MIXPROF

Mixing & Mastering Engineer

MIXPROF on SoundBetter

Hamburg-based producer, mixing & mastering engineer with a PhD in musicology. I create music from A to Z for my artist project Heavy Lighta and work with independent artists across R&B, hip-hop, rock, pop & electronic. I bring technical precision + creative sound design to make your tracks punch and shine.

Mixing & Mastering Engineer | PhD in Musicology | Hamburg

I specialize in pop, rock, indie, and electronic music mixing with a focus on clarity and punch. Recently mastered tracks for [mention any artist names, even small ones], with experience in both digital precision and creative sound design.

What I offer:
- Stereo Mastering - €10
- Stem Mastering - €50
- Full Mix + Master - €90

My approach combines technical expertise (PhD in Digital Musicology) with an artist-first mindset. I don't just make tracks louder - I enhance what makes your music unique.

Quick turnaround, 2 revisions included. Let's make your music shine.
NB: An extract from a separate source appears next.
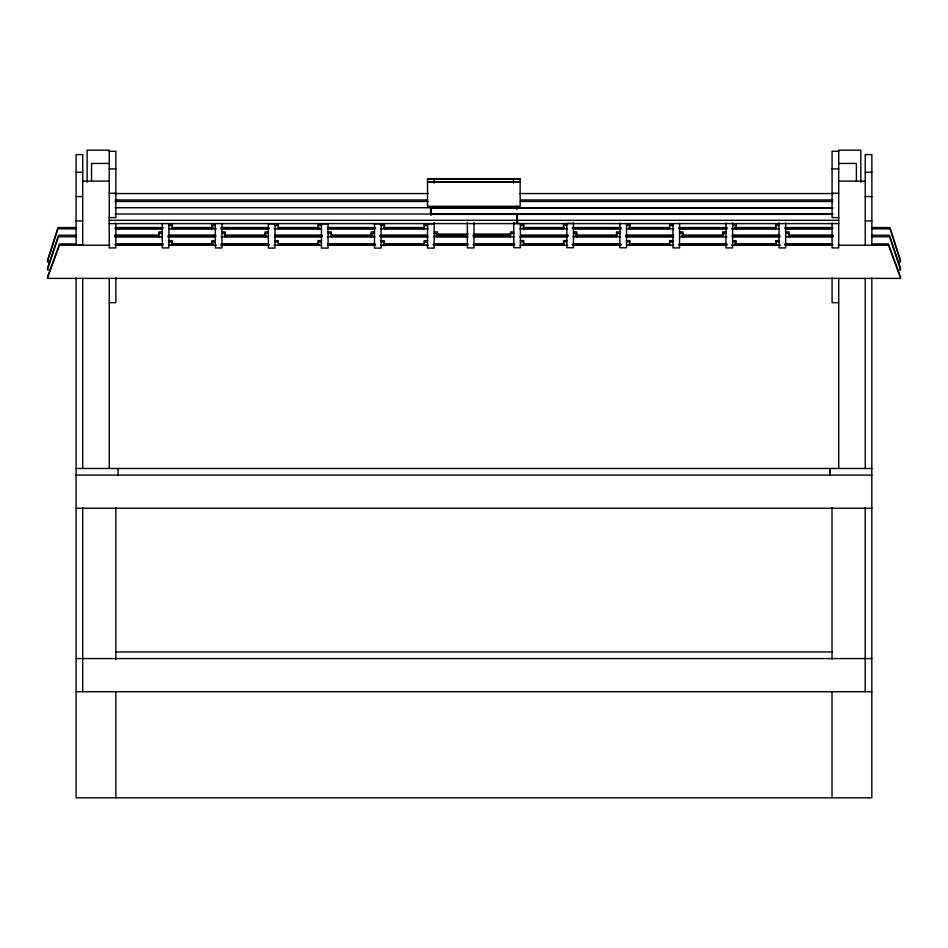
<?xml version="1.0" encoding="UTF-8"?>
<svg xmlns="http://www.w3.org/2000/svg" width="948" height="948" viewBox="0 0 948 948"><rect width="100%" height="100%" fill="white"/><g stroke="black" fill="none" stroke-linecap="round" stroke-linejoin="round"><path stroke-width="1.42" d="M47.4 260.7L57.994 227.544L75.757 227.544M47.4 268.391L58.551 235.234L76.326 235.234M47.4 277.077L59.605 243.92L75.887 243.92M109.233 151.277L115.869 151.277L115.869 217.59L109.233 217.59M838.707 151.265L832.083 151.265L832.083 217.578L838.707 217.578M109.233 163.447L91.553 163.447L91.553 181.056M838.707 163.447L856.388 163.447L856.388 181.056M109.233 168.934L115.869 168.934M832.083 168.934L838.707 168.934M76.089 172.252L82.713 172.252M865.24 172.263L871.864 172.263M427.536 178.876L520.156 178.876M82.713 181.127L109.233 181.127M838.707 181.127L865.24 181.127M427.536 181.815L520.156 181.815M427.536 182.004L520.156 182.004M109.233 193.262L115.869 193.262M832.083 193.262L838.707 193.262M114.542 193.57L428.093 193.57M519.8 193.57L833.363 193.57M76.089 196.58L82.713 196.58M865.24 196.592L871.864 196.592M115.158 199.957L427.37 199.957M520.582 199.957L832.794 199.957M115.146 201.474L428.141 201.474M520.345 201.474L832.794 201.474M115.146 207.742L516.826 207.742M517.383 207.742L832.782 207.742M832.806 208.098L431.127 208.098L431.127 215.172M115.146 214.023L516.826 214.023L516.826 223.609L109.233 223.609M832.782 214.023L517.383 214.023L517.383 223.609L838.707 223.609M431.127 214.367L832.806 214.367M109.233 220.292L516.826 220.292M517.383 220.292L838.707 220.292M76.089 220.908L82.713 220.908M865.24 220.908L871.864 220.908M513.792 223.42L520.416 223.42L520.416 247.724L513.792 247.724L513.792 222.614M573.469 223.408L566.833 223.408L566.833 247.712L573.469 247.712L573.469 223.053M268.379 223.787L275.015 223.787L275.015 248.092L268.379 248.092L268.379 223.444M328.067 223.787L321.431 223.787L321.431 248.092L328.067 248.092L328.067 223.444M374.484 223.787L381.108 223.787L381.108 248.092L374.484 248.092L374.484 223.444M434.16 223.787L427.536 223.787L427.536 248.092L434.16 248.092L434.16 222.614M168.922 224.226L172.228 224.226L172.228 228.847M215.338 224.226L212.02 224.226L212.02 228.847M275.015 224.226L278.333 224.226L278.333 228.847M321.431 224.226L318.113 224.226L318.113 228.847M381.108 224.226L384.426 224.226L384.426 228.847M427.524 224.226L424.218 224.226L424.218 228.847M520.416 224.226L523.734 224.226L523.734 228.847M566.833 224.226L563.515 224.226L563.515 228.847M626.51 224.226L629.827 224.226L629.827 228.847M672.938 224.226L669.62 224.226L669.62 228.847M732.614 224.226L735.932 224.226L735.932 228.847M779.031 224.226L775.713 224.226L775.713 228.847M168.922 225.541L172.228 225.541M212.02 225.541L215.338 225.541M275.015 225.541L278.333 225.541M318.113 225.541L321.431 225.541M381.108 225.541L384.426 225.541M424.218 225.541L427.524 225.541M520.416 225.541L523.734 225.541M563.515 225.541L566.833 225.541M626.51 225.541L629.827 225.541M669.62 225.541L672.938 225.541M732.614 225.541L735.932 225.541M775.713 225.541L779.031 225.541M115.727 227.544L163.103 227.544M171.991 227.544L213.442 227.544M220.837 227.544L268.213 227.544M278.582 227.544L318.552 227.544M327.427 227.544L374.804 227.544M383.691 227.544L423.661 227.544M522.846 227.544L564.297 227.544M573.184 227.544L620.549 227.544M629.436 227.544L669.407 227.544M679.775 227.544L727.14 227.544M734.546 227.544L775.997 227.544M784.885 227.544L832.249 227.544M872.231 227.544L889.994 227.544L900.6 260.7M115.135 228.018L162.487 228.018M171.363 228.018L212.802 228.018M221.678 228.018L269.031 228.018M277.906 228.018L319.334 228.018M328.221 228.018L375.562 228.018M384.45 228.018L424.396 228.018M523.533 228.018L563.491 228.018M572.367 228.018L621.201 228.018M628.595 228.018L670.023 228.018M678.898 228.018L726.251 228.018M735.127 228.018L776.566 228.018M785.442 228.018L832.794 228.018M115.135 228.575L162.487 228.575M171.363 228.575L212.802 228.575M221.678 228.575L269.031 228.575M277.906 228.575L319.334 228.575M328.221 228.575L375.562 228.575M384.45 228.575L424.396 228.575M523.533 228.575L563.491 228.575M572.367 228.575L621.201 228.575M628.595 228.575L670.023 228.575M678.898 228.575L726.251 228.575M735.127 228.575L776.566 228.575M785.442 228.575L832.794 228.575M75.639 228.847L57.875 228.847L47.4 262.004L50.363 262.004M115.62 228.847L163.009 228.847M168.922 228.847L216.322 228.847M220.766 228.847L268.154 228.847M274.079 228.847L321.467 228.847M327.392 228.847L374.78 228.847M380.693 228.847L428.081 228.847M519.895 228.847L567.283 228.847M573.208 228.847L620.596 228.847M626.51 228.847L673.91 228.847M679.835 228.847L727.223 228.847M731.666 228.847L779.055 228.847M784.968 228.847L832.356 228.847M872.35 228.847L890.113 228.847L900.6 262.004L897.638 262.004M162.286 231.916L158.968 231.916L158.968 236.799M328.067 231.916L331.385 231.916L331.385 236.799M374.484 231.916L371.166 231.916L371.166 236.799M434.16 231.916L437.478 231.916L437.478 236.799M513.792 231.916L510.474 231.916L510.474 236.799M573.469 231.916L576.787 231.916L576.787 236.799M619.885 231.916L616.567 231.916L616.567 236.799M679.562 231.916L682.88 231.916L682.88 236.799M725.978 231.916L722.66 231.916L722.66 236.799M785.667 231.916L788.973 231.916L788.973 236.799M221.962 231.952L225.28 231.952L225.28 236.834M268.379 231.94L265.073 231.94L265.073 236.834M158.968 233.492L162.286 233.492M328.067 233.492L331.385 233.492M371.166 233.492L374.484 233.492M434.16 233.492L437.478 233.492M510.474 233.492L513.792 233.492M573.469 233.492L576.787 233.492M616.567 233.492L619.885 233.492M679.562 233.492L682.88 233.492M722.66 233.492L725.978 233.492M785.667 233.492L788.973 233.492M221.962 233.516L225.28 233.516M265.073 233.516L268.379 233.516M437.111 234.061L468.075 234.061M473.976 234.061L510.842 234.061M114.838 235.234L159.264 235.234M168.152 235.234L215.552 235.234M224.439 235.234L265.902 235.234M274.79 235.234L322.19 235.234M331.065 235.234L372.54 235.234M379.947 235.234L427.335 235.234M436.222 235.234L467.328 235.234M473.253 235.234L510.273 235.234M520.642 235.234L568.042 235.234M575.448 235.234L616.911 235.234M625.799 235.234L673.199 235.234M682.074 235.234L723.549 235.234M732.437 235.234L779.825 235.234M788.712 235.234L833.15 235.234M871.65 235.234L889.425 235.234L900.6 268.391M115.158 235.519L159.548 235.519M168.424 235.519L215.777 235.519M224.652 235.519L266.092 235.519M274.967 235.519L322.32 235.519M331.196 235.519L372.623 235.519M380.018 235.519L427.37 235.519M436.246 235.519L467.328 235.519M473.242 235.519L510.237 235.519M520.594 235.519L567.947 235.519M575.341 235.519L616.769 235.519M625.656 235.519L672.997 235.519M681.885 235.519L723.312 235.519M732.188 235.519L779.54 235.519M788.416 235.519L832.806 235.519M115.158 236.526L159.548 236.526M168.424 236.526L215.777 236.526M224.652 236.526L266.092 236.526M274.967 236.526L322.32 236.526M331.196 236.526L372.623 236.526M380.018 236.526L427.37 236.526M436.246 236.526L467.328 236.526M473.242 236.526L510.237 236.526M520.594 236.526L567.947 236.526M575.341 236.526L616.769 236.526M625.656 236.526L672.997 236.526M681.885 236.526L723.312 236.526M732.188 236.526L779.54 236.526M788.416 236.526L832.806 236.526M76.136 236.799L58.397 236.799L47.4 269.955L50.363 269.955M114.59 236.799L162.286 236.799M167.843 236.799L215.172 236.799M221.085 236.799L268.414 236.799M274.327 236.799L321.656 236.799M327.57 236.799L374.898 236.799M380.812 236.799L428.141 236.799M434.054 236.799L468.075 236.799M473.988 236.799L513.923 236.799M519.836 236.799L567.165 236.799M573.09 236.799L620.419 236.799M626.332 236.799L673.661 236.799M679.562 236.799L726.903 236.799M732.816 236.799L780.145 236.799M785.667 236.799L833.387 236.799M871.84 236.799L889.591 236.799L900.6 269.955L897.638 269.955M168.922 240.602L172.228 240.602L172.228 245.224M215.338 240.602L212.02 240.602L212.02 245.224M275.015 240.602L278.333 240.602L278.333 245.224M321.431 240.602L318.113 240.602L318.113 245.224M520.416 240.602L523.734 240.602L523.734 245.224M566.833 240.602L563.515 240.602L563.515 245.224M626.51 240.602L629.827 240.602L629.827 245.224M672.938 240.602L669.62 240.602L669.62 245.224M732.614 240.602L735.932 240.602L735.932 245.224M779.031 240.602L775.713 240.602L775.713 245.224M381.108 240.78L384.426 240.78L384.426 245.413L381.108 245.413M427.524 240.78L424.218 240.78L424.218 245.413L427.524 245.413M168.922 241.918L172.228 241.918M212.02 241.918L215.338 241.918M275.015 241.918L278.333 241.918M318.113 241.918L321.431 241.918M520.416 241.918L523.734 241.918M563.515 241.918L566.833 241.918M626.51 241.918L629.827 241.918M669.62 241.918L672.938 241.918M732.614 241.918L735.932 241.918M775.713 241.918L779.031 241.918M381.108 242.096L384.426 242.096M424.218 242.096L427.524 242.096M115.846 243.92L163.198 243.92M172.074 243.92L213.513 243.92M220.92 243.92L268.272 243.92M278.641 243.92L318.599 243.92M327.475 243.92L374.839 243.92M383.715 243.92L423.673 243.92M434.03 243.92L468.075 243.92M473.988 243.92L513.946 243.92M522.834 243.92L564.273 243.92M573.149 243.92L620.502 243.92M629.389 243.92L669.347 243.92M679.704 243.92L727.069 243.92M734.463 243.92L775.902 243.92M784.778 243.92L832.143 243.92M872.101 243.92L888.383 243.92L900.6 277.077M115.135 244.394L162.487 244.394M171.363 244.394L212.802 244.394M221.678 244.394L269.031 244.394M277.906 244.394L319.334 244.394M328.221 244.394L375.562 244.394M384.45 244.394L424.396 244.394M433.272 244.394L467.305 244.394M473.23 244.394L514.657 244.394M523.533 244.394L563.491 244.394M572.367 244.394L621.201 244.394M628.595 244.394L670.023 244.394M678.898 244.394L726.251 244.394M735.127 244.394L776.566 244.394M785.442 244.394L832.794 244.394M115.135 244.951L162.487 244.951M171.363 244.951L212.802 244.951M221.678 244.951L269.031 244.951M277.906 244.951L319.334 244.951M328.221 244.951L375.562 244.951M384.45 244.951L424.396 244.951M433.272 244.951L467.305 244.951M473.23 244.951L514.657 244.951M523.533 244.951L563.491 244.951M572.367 244.951L621.201 244.951M628.595 244.951L670.023 244.951M678.898 244.951L726.251 244.951M735.127 244.951L776.566 244.951M785.442 244.951L832.794 244.951M109.778 245.224L59.44 245.224L47.4 278.38L900.6 278.38L888.549 245.224L838.21 245.224M115.703 245.224L163.08 245.224M168.922 245.224L216.381 245.224M220.813 245.224L268.201 245.224M274.114 245.224L321.491 245.224M327.416 245.224L374.792 245.224M380.717 245.224L428.093 245.224M434.018 245.224L468.063 245.224M473.988 245.224L513.97 245.224M519.883 245.224L567.271 245.224M573.184 245.224L620.561 245.224M626.486 245.224L673.862 245.224M679.787 245.224L727.163 245.224M731.607 245.224L780.465 245.224M784.908 245.224L832.285 245.224M109.233 302.673L115.869 302.673L115.869 277.859M838.707 302.685L832.083 302.685L832.083 277.859M76.089 468.478L871.864 468.478M76.089 475.102L871.864 475.102M76.089 508.258L871.864 508.258M115.869 651.94L832.024 651.94M76.089 658.564L871.816 658.564M76.089 691.72L871.816 691.72M871.864 245.212L871.864 154.595L865.24 154.595L865.24 245.224M871.816 277.989L871.816 797.813L76.089 797.813L76.089 277.989M865.24 278.38L865.24 468.478M865.18 507.524L865.18 691.72M860.808 182.229L860.808 150.187L838.707 150.187L838.707 247.914L832.083 247.914L832.083 222.863M838.707 278.38L838.707 468.478M832.024 507.524L832.024 659.298M832.024 691.72L832.024 797.813M785.667 222.863L785.667 247.914L779.031 247.914L779.031 222.863M732.614 222.863L732.614 247.914L725.978 247.914L725.978 222.863M679.562 223.254L679.562 247.914L672.938 247.914L672.938 223.609M626.51 223.455L626.51 247.76L619.885 247.76L619.885 223.1M516.826 206.107L516.826 209.425M513.532 178.876L513.532 183.165M473.988 222.638L473.988 247.914L467.364 247.914L467.364 222.638M434.16 178.876L434.16 183.165M430.57 207.742L430.57 214.817M221.962 223.278L221.962 247.938L215.338 247.938L215.338 223.633M168.922 223.598L168.922 247.89L162.286 247.89L162.286 223.242M118.085 468.478L118.085 475.102M115.869 223.254L115.869 247.914L109.233 247.914L109.233 150.187L87.133 150.187L87.133 182.229M115.869 507.524L115.869 659.298M115.869 691.72L115.869 797.813M109.233 278.38L109.233 468.478M82.713 278.38L82.713 468.478M82.713 507.524L82.713 691.72M82.713 154.595L76.089 154.595L76.089 245.224L82.713 245.224L82.713 154.595M520.156 178.674L427.536 178.674L427.536 206.309L520.156 206.309L520.156 178.674M829.867 475.102L829.867 468.478L829.82 475.102"/></g></svg>

Samples: https://mixprof.com

Contact me through the green button above and let's get to work.

Interview with MIXPROF

  1. Q: Tell us about a project you worked on you are especially proud of and why. What was your role?

  2. A: I like all of em.

  3. Q: What are you working on at the moment?

  4. A: Music.

  5. Q: Analog or digital and why?

  6. A: I think applying techniques the right way and knowing what one is doing is by far more important then the question whether the technique is analog, or digitally emulated. Checkout the blind tests around and how confusing they are. And then, we got stuff in the digital domain which just doesn't exist analog. I'd give digital the edge meanwhile. It wasn't always like this, but it is nowadays. Digital is also a faster workflow giving better prices.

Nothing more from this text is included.